THE TASK -
Lines of the records that hold the word "mechanical" are to be counted; give the number and nothing more.

>>>>

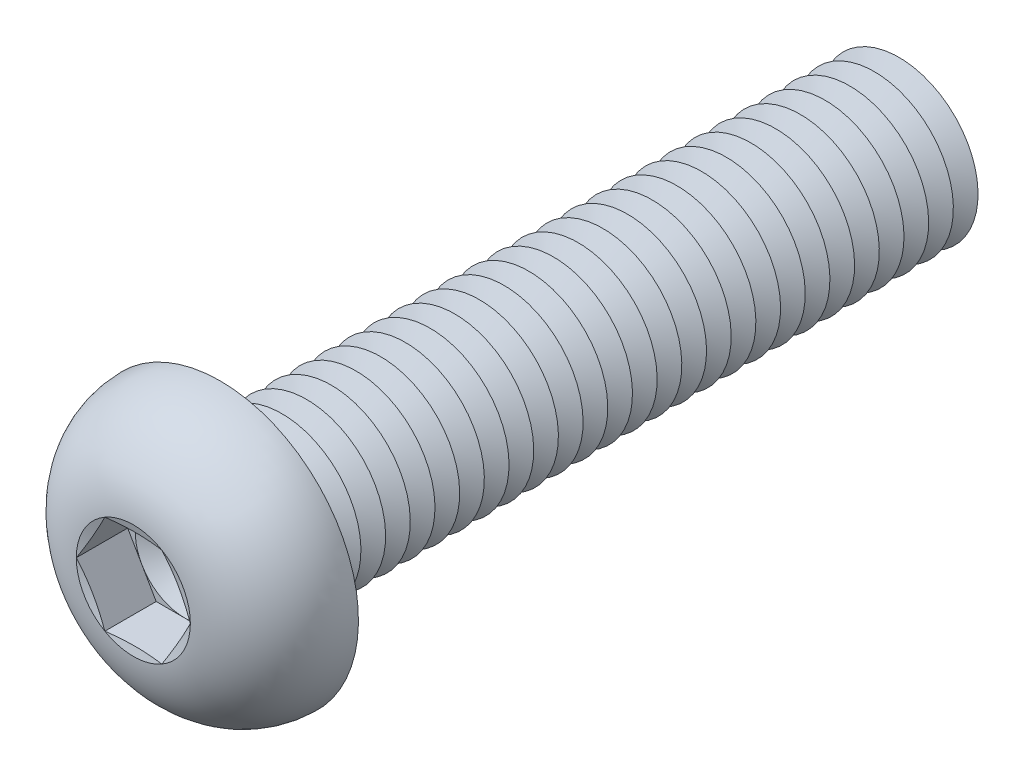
ISO-10303-21;
HEADER;
FILE_DESCRIPTION(('STEP AP214'),'2;1');
FILE_NAME('part.step','',(''),(''),'','','');
FILE_SCHEMA(('AUTOMOTIVE_DESIGN { 1 0 10303 214 1 1 1 1 }'));
ENDSEC;
DATA;
#1=APPLICATION_CONTEXT('core data for automotive mechanical design processes');
#2=APPLICATION_PROTOCOL_DEFINITION('international standard','automotive_design',2000,#1);
#3=PRODUCT_CONTEXT('',#1,'mechanical');
#4=PRODUCT('Part','Part','',(#3));
#5=PRODUCT_RELATED_PRODUCT_CATEGORY('part','',(#4));
#6=PRODUCT_DEFINITION_FORMATION('','',#4);
#7=PRODUCT_DEFINITION_CONTEXT('part definition',#1,'design');
#8=PRODUCT_DEFINITION('design','',#6,#7);
#9=PRODUCT_DEFINITION_SHAPE('','',#8);
#10=(LENGTH_UNIT() NAMED_UNIT(*) SI_UNIT(.MILLI.,.METRE.));
#11=(NAMED_UNIT(*) PLANE_ANGLE_UNIT() SI_UNIT($,.RADIAN.));
#12=(NAMED_UNIT(*) SI_UNIT($,.STERADIAN.) SOLID_ANGLE_UNIT());
#13=UNCERTAINTY_MEASURE_WITH_UNIT(LENGTH_MEASURE(1.E-05),#10,'distance_accuracy_value','');
#14=(GEOMETRIC_REPRESENTATION_CONTEXT(3) GLOBAL_UNCERTAINTY_ASSIGNED_CONTEXT((#13)) GLOBAL_UNIT_ASSIGNED_CONTEXT((#10,
#11,#12)) REPRESENTATION_CONTEXT('',''));
#15=CARTESIAN_POINT('',(0.,0.,0.));
#16=DIRECTION('',(0.,0.,1.));
#17=DIRECTION('',(1.,0.,0.));
#18=AXIS2_PLACEMENT_3D('',#15,#16,#17);
#19=CARTESIAN_POINT('',(0.,0.,1.8));
#20=DIRECTION('',(0.,0.,1.));
#21=DIRECTION('',(1.,0.,0.));
#22=AXIS2_PLACEMENT_3D('',#19,#20,#21);
#23=PLANE('',#22);
#24=CARTESIAN_POINT('',(0.,0.,1.8));
#25=DIRECTION('',(0.,0.,1.));
#26=DIRECTION('',(1.,0.,0.));
#27=AXIS2_PLACEMENT_3D('',#24,#25,#26);
#28=CIRCLE('',#27,2.49999883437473);
#29=CARTESIAN_POINT('',(2.1650625,1.24999941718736,1.8));
#30=VERTEX_POINT('',#29);
#31=CARTESIAN_POINT('',(0.,2.49999883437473,1.8));
#32=VERTEX_POINT('',#31);
#33=EDGE_CURVE('E118',#30,#32,#28,.T.);
#34=ORIENTED_EDGE('',*,*,#33,.F.);
#35=DIRECTION('',(-0.5,0.866025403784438,0.));
#36=VECTOR('',#35,1.);
#37=CARTESIAN_POINT('',(2.88675,0.,1.8));
#38=LINE('',#37,#36);
#39=CARTESIAN_POINT('',(1.443375,2.49999883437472,1.8));
#40=VERTEX_POINT('',#39);
#41=EDGE_CURVE('E125',#30,#40,#38,.T.);
#42=ORIENTED_EDGE('',*,*,#41,.T.);
#43=DIRECTION('',(-1.,0.,0.));
#44=VECTOR('',#43,1.);
#45=CARTESIAN_POINT('',(1.443375,2.49999883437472,1.8));
#46=LINE('',#45,#44);
#47=EDGE_CURVE('E136',#40,#32,#46,.T.);
#48=ORIENTED_EDGE('',*,*,#47,.T.);
#49=EDGE_LOOP('',(#34,#42,#48));
#50=FACE_BOUND('',#49,.T.);
#51=ADVANCED_FACE('F39',(#50),#23,.T.);
#52=CARTESIAN_POINT('',(0.,0.,1.8));
#53=DIRECTION('',(0.,0.,1.));
#54=DIRECTION('',(1.,0.,0.));
#55=AXIS2_PLACEMENT_3D('',#52,#53,#54);
#56=CIRCLE('',#55,2.49999883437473);
#57=CARTESIAN_POINT('',(-2.1650625,1.24999941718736,1.8));
#58=VERTEX_POINT('',#57);
#59=EDGE_CURVE('E11',#32,#58,#56,.T.);
#60=ORIENTED_EDGE('',*,*,#59,.F.);
#61=CARTESIAN_POINT('',(-1.443375,2.49999883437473,1.8));
#62=VERTEX_POINT('',#61);
#63=EDGE_CURVE('E131',#32,#62,#46,.T.);
#64=ORIENTED_EDGE('',*,*,#63,.T.);
#65=DIRECTION('',(-0.5,-0.866025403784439,0.));
#66=VECTOR('',#65,1.);
#67=CARTESIAN_POINT('',(-1.443375,2.49999883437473,1.8));
#68=LINE('',#67,#66);
#69=EDGE_CURVE('E134',#62,#58,#68,.T.);
#70=ORIENTED_EDGE('',*,*,#69,.T.);
#71=EDGE_LOOP('',(#60,#64,#70));
#72=FACE_BOUND('',#71,.T.);
#73=ADVANCED_FACE('F130',(#72),#23,.T.);
#74=CARTESIAN_POINT('',(-2.1650625,-1.24999941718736,1.8));
#75=VERTEX_POINT('',#74);
#76=EDGE_CURVE('E49',#58,#75,#56,.T.);
#77=ORIENTED_EDGE('',*,*,#76,.F.);
#78=CARTESIAN_POINT('',(-2.88675,0.,1.8));
#79=VERTEX_POINT('',#78);
#80=EDGE_CURVE('E143',#58,#79,#68,.T.);
#81=ORIENTED_EDGE('',*,*,#80,.T.);
#82=DIRECTION('',(0.5,-0.866025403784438,0.));
#83=VECTOR('',#82,1.);
#84=CARTESIAN_POINT('',(-2.88675,0.,1.8));
#85=LINE('',#84,#83);
#86=EDGE_CURVE('E152',#79,#75,#85,.T.);
#87=ORIENTED_EDGE('',*,*,#86,.T.);
#88=EDGE_LOOP('',(#77,#81,#87));
#89=FACE_BOUND('',#88,.T.);
#90=ADVANCED_FACE('F491',(#89),#23,.T.);
#91=CARTESIAN_POINT('',(0.,-2.49999883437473,1.8));
#92=VERTEX_POINT('',#91);
#93=EDGE_CURVE('E476',#75,#92,#56,.T.);
#94=ORIENTED_EDGE('',*,*,#93,.F.);
#95=CARTESIAN_POINT('',(-1.443375,-2.49999883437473,1.8));
#96=VERTEX_POINT('',#95);
#97=EDGE_CURVE('E151',#75,#96,#85,.T.);
#98=ORIENTED_EDGE('',*,*,#97,.T.);
#99=DIRECTION('',(1.,0.,0.));
#100=VECTOR('',#99,1.);
#101=CARTESIAN_POINT('',(-1.443375,-2.49999883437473,1.8));
#102=LINE('',#101,#100);
#103=EDGE_CURVE('E157',#96,#92,#102,.T.);
#104=ORIENTED_EDGE('',*,*,#103,.T.);
#105=EDGE_LOOP('',(#94,#98,#104));
#106=FACE_BOUND('',#105,.T.);
#107=ADVANCED_FACE('F484',(#106),#23,.T.);
#108=CARTESIAN_POINT('',(2.1650625,-1.24999941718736,1.8));
#109=VERTEX_POINT('',#108);
#110=EDGE_CURVE('E56',#92,#109,#56,.T.);
#111=ORIENTED_EDGE('',*,*,#110,.F.);
#112=CARTESIAN_POINT('',(1.443375,-2.49999883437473,1.8));
#113=VERTEX_POINT('',#112);
#114=EDGE_CURVE('E156',#92,#113,#102,.T.);
#115=ORIENTED_EDGE('',*,*,#114,.T.);
#116=DIRECTION('',(0.5,0.866025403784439,0.));
#117=VECTOR('',#116,1.);
#118=CARTESIAN_POINT('',(1.443375,-2.49999883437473,1.8));
#119=LINE('',#118,#117);
#120=EDGE_CURVE('E162',#113,#109,#119,.T.);
#121=ORIENTED_EDGE('',*,*,#120,.T.);
#122=EDGE_LOOP('',(#111,#115,#121));
#123=FACE_BOUND('',#122,.T.);
#124=ADVANCED_FACE('F562',(#123),#23,.T.);
#125=CARTESIAN_POINT('',(0.,0.,4.4));
#126=DIRECTION('',(0.,0.,1.));
#127=DIRECTION('',(0.,-1.,0.));
#128=AXIS2_PLACEMENT_3D('',#125,#126,#127);
#129=CONICAL_SURFACE('',#128,2.88675,1.30899693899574);
#130=CARTESIAN_POINT('',(2.88686547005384,-0.000200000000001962,4.40003094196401));
#131=CARTESIAN_POINT('',(2.82691617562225,0.103635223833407,4.3839595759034));
#132=CARTESIAN_POINT('',(2.76685817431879,0.20765873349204,4.36936933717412));
#133=CARTESIAN_POINT('',(2.64653003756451,0.416073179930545,4.3437355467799));
#134=CARTESIAN_POINT('',(2.58625982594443,0.520464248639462,4.33269343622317));
#135=CARTESIAN_POINT('',(2.46587274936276,0.72898078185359,4.31480063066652));
#136=CARTESIAN_POINT('',(2.40575669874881,0.833104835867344,4.3079285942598));
#137=CARTESIAN_POINT('',(2.28544792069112,1.04148575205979,4.29871388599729));
#138=CARTESIAN_POINT('',(2.22525521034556,1.14574258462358,4.29637033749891));
#139=CARTESIAN_POINT('',(2.10486978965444,1.35425624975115,4.29637033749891));
#140=CARTESIAN_POINT('',(2.04467707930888,1.45851308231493,4.29871388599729));
#141=CARTESIAN_POINT('',(1.92436830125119,1.66689399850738,4.3079285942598));
#142=CARTESIAN_POINT('',(1.86425225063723,1.77101805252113,4.31480063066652));
#143=CARTESIAN_POINT('',(1.74386517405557,1.97953458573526,4.33269343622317));
#144=CARTESIAN_POINT('',(1.68359496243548,2.08392565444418,4.3437355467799));
#145=CARTESIAN_POINT('',(1.56326682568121,2.29234010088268,4.36936933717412));
#146=CARTESIAN_POINT('',(1.50320882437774,2.39636361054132,4.3839595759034));
#147=CARTESIAN_POINT('',(1.44325952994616,2.50019883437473,4.40003094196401));
#148=B_SPLINE_CURVE_WITH_KNOTS('',3,(#130,#131,#132,#133,#134,#135,#136,#137,#138,#139,#140,
#141,#142,#143,#144,#145,#146,#147),.UNSPECIFIED.,.F.,.F.,(4,2,2,2,2,2,2,2,4),(0.,
0.362931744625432,0.726010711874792,1.08721550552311,1.44835036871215,1.80948523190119,
2.17069002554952,2.53376899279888,2.89670073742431),.UNSPECIFIED.);
#149=CARTESIAN_POINT('',(2.88675,0.,4.4));
#150=VERTEX_POINT('',#149);
#151=CARTESIAN_POINT('',(1.443375,2.49999883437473,4.4));
#152=VERTEX_POINT('',#151);
#153=EDGE_CURVE('E221',#150,#152,#148,.T.);
#154=ORIENTED_EDGE('',*,*,#153,.F.);
#155=CARTESIAN_POINT('',(0.,0.,4.4));
#156=DIRECTION('',(0.,0.,-1.));
#157=DIRECTION('',(0.,1.,0.));
#158=AXIS2_PLACEMENT_3D('',#155,#156,#157);
#159=CIRCLE('',#158,2.88675);
#160=EDGE_CURVE('E461',#152,#150,#159,.T.);
#161=ORIENTED_EDGE('',*,*,#160,.F.);
#162=EDGE_LOOP('',(#154,#161));
#163=FACE_BOUND('',#162,.T.);
#164=ADVANCED_FACE('F566',(#163),#129,.F.);
#165=CARTESIAN_POINT('',(1.44325952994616,-2.50019883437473,4.40003094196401));
#166=CARTESIAN_POINT('',(1.50320882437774,-2.39636361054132,4.3839595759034));
#167=CARTESIAN_POINT('',(1.56326682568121,-2.29234010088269,4.36936933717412));
#168=CARTESIAN_POINT('',(1.68359496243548,-2.08392565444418,4.3437355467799));
#169=CARTESIAN_POINT('',(1.74386517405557,-1.97953458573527,4.33269343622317));
#170=CARTESIAN_POINT('',(1.86425225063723,-1.77101805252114,4.31480063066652));
#171=CARTESIAN_POINT('',(1.92436830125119,-1.66689399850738,4.3079285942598));
#172=CARTESIAN_POINT('',(2.04467707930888,-1.45851308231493,4.29871388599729));
#173=CARTESIAN_POINT('',(2.10486978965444,-1.35425624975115,4.29637033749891));
#174=CARTESIAN_POINT('',(2.22525521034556,-1.14574258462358,4.29637033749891));
#175=CARTESIAN_POINT('',(2.28544792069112,-1.0414857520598,4.29871388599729));
#176=CARTESIAN_POINT('',(2.40575669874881,-0.833104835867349,4.3079285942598));
#177=CARTESIAN_POINT('',(2.46587274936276,-0.728980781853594,4.31480063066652));
#178=CARTESIAN_POINT('',(2.58625982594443,-0.520464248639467,4.33269343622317));
#179=CARTESIAN_POINT('',(2.64653003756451,-0.41607317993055,4.3437355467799));
#180=CARTESIAN_POINT('',(2.76685817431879,-0.207658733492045,4.36936933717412));
#181=CARTESIAN_POINT('',(2.82691617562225,-0.103635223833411,4.3839595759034));
#182=CARTESIAN_POINT('',(2.88686547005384,0.000199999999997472,4.40003094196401));
#183=B_SPLINE_CURVE_WITH_KNOTS('',3,(#165,#166,#167,#168,#169,#170,#171,#172,#173,#174,#175,
#176,#177,#178,#179,#180,#181,#182),.UNSPECIFIED.,.F.,.F.,(4,2,2,2,2,2,2,2,4),(0.,
0.362931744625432,0.726010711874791,1.08721550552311,1.44835036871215,1.80948523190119,
2.17069002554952,2.53376899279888,2.89670073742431),.UNSPECIFIED.);
#184=CARTESIAN_POINT('',(1.443375,-2.49999883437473,4.4));
#185=VERTEX_POINT('',#184);
#186=EDGE_CURVE('E230',#185,#150,#183,.T.);
#187=ORIENTED_EDGE('',*,*,#186,.F.);
#188=EDGE_CURVE('E466',#150,#185,#159,.T.);
#189=ORIENTED_EDGE('',*,*,#188,.F.);
#190=EDGE_LOOP('',(#187,#189));
#191=FACE_BOUND('',#190,.T.);
#192=ADVANCED_FACE('F528',(#191),#129,.F.);
#193=CARTESIAN_POINT('',(-4.35611719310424,-2.49999883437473,4.97227902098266));
#194=CARTESIAN_POINT('',(-4.25066509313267,-2.49999883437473,4.94777440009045));
#195=CARTESIAN_POINT('',(-4.14516541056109,-2.49999883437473,4.92347459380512));
#196=CARTESIAN_POINT('',(-3.93405094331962,-2.49999883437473,4.87537247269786));
#197=CARTESIAN_POINT('',(-3.82843615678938,-2.49999883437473,4.85157016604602));
#198=CARTESIAN_POINT('',(-3.5113534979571,-2.49999883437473,4.78103338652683));
#199=CARTESIAN_POINT('',(-3.29968815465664,-2.49999883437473,4.73517861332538));
#200=CARTESIAN_POINT('',(-2.87365524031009,-2.49999883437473,4.64645582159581));
#201=CARTESIAN_POINT('',(-2.65928093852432,-2.49999883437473,4.60361983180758));
#202=CARTESIAN_POINT('',(-2.22952626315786,-2.49999883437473,4.52311285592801));
#203=CARTESIAN_POINT('',(-2.01414580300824,-2.49999883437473,4.48544232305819));
#204=CARTESIAN_POINT('',(-1.58798319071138,-2.49999883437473,4.41876559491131));
#205=CARTESIAN_POINT('',(-1.37723418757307,-2.49999883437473,4.38955265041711));
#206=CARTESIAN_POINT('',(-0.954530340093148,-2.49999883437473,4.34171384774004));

<<<<

REPLY TO THE EXERCISE -
2